*** Opening Data for this task ***
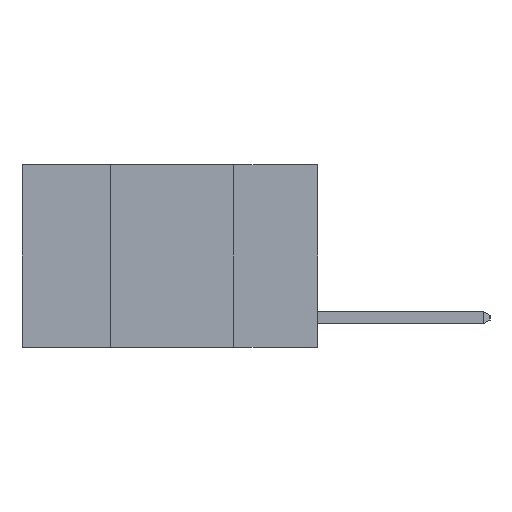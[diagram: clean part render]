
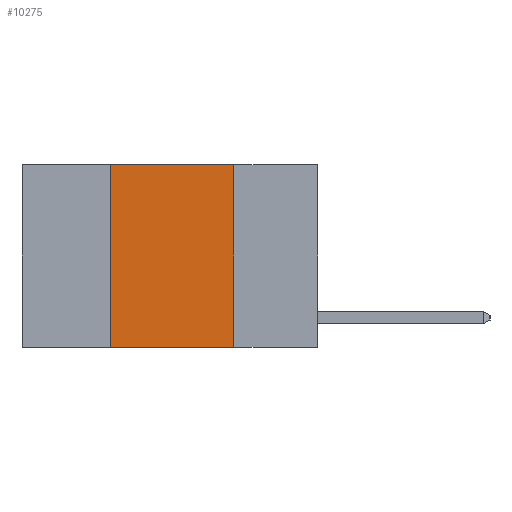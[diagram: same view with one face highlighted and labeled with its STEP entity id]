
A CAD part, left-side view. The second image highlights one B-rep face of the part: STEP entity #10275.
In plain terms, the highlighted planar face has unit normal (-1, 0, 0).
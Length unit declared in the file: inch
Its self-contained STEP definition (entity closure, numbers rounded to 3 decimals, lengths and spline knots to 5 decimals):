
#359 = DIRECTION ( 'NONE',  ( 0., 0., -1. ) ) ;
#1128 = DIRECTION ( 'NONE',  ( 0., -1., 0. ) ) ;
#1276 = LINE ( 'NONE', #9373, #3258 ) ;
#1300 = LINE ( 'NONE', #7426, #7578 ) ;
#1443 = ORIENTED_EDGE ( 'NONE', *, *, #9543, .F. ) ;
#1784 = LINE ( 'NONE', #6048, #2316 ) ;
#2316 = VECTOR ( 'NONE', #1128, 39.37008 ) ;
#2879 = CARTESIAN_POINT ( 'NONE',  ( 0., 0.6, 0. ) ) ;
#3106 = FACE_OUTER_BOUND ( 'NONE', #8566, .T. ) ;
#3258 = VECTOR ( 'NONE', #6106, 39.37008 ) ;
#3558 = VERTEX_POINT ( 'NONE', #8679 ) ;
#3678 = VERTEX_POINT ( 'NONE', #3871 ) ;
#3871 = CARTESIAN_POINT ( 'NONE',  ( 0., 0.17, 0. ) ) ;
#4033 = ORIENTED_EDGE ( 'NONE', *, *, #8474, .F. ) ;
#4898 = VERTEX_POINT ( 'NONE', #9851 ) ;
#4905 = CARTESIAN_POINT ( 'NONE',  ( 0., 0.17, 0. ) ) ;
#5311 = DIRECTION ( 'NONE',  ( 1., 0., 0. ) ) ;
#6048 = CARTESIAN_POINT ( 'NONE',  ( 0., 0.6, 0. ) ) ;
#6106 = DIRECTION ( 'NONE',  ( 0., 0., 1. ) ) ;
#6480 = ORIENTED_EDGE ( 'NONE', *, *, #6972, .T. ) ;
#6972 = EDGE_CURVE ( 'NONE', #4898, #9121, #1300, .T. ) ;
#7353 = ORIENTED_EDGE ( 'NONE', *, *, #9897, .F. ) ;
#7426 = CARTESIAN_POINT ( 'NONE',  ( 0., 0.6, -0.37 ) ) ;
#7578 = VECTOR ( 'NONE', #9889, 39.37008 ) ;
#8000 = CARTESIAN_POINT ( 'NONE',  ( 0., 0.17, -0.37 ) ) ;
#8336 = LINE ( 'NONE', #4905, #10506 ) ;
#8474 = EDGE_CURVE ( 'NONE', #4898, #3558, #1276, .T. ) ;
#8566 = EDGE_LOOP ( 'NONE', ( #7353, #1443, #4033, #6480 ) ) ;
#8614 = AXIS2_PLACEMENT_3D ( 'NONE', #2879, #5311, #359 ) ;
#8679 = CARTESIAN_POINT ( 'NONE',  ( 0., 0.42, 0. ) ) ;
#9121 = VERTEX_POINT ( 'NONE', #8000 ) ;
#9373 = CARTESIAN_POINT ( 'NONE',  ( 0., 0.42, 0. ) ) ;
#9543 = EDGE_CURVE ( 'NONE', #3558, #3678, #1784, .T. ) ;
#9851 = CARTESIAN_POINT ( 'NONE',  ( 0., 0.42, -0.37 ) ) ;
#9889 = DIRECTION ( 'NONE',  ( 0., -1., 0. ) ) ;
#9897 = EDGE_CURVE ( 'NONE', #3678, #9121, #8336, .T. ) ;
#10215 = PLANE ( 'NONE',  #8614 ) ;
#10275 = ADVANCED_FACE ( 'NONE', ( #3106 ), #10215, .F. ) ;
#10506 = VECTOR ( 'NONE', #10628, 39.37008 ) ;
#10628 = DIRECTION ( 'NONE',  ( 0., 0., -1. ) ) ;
*** Closing Data for this task ***
All lines from the one that holds "#10506 = VECTOR" through the end of the records are to be returned exactly, including both boundary lines, and no others.

• _Expected output_
#10506 = VECTOR ( 'NONE', #10628, 39.37008 ) ;
#10628 = DIRECTION ( 'NONE',  ( 0., 0., -1. ) ) ;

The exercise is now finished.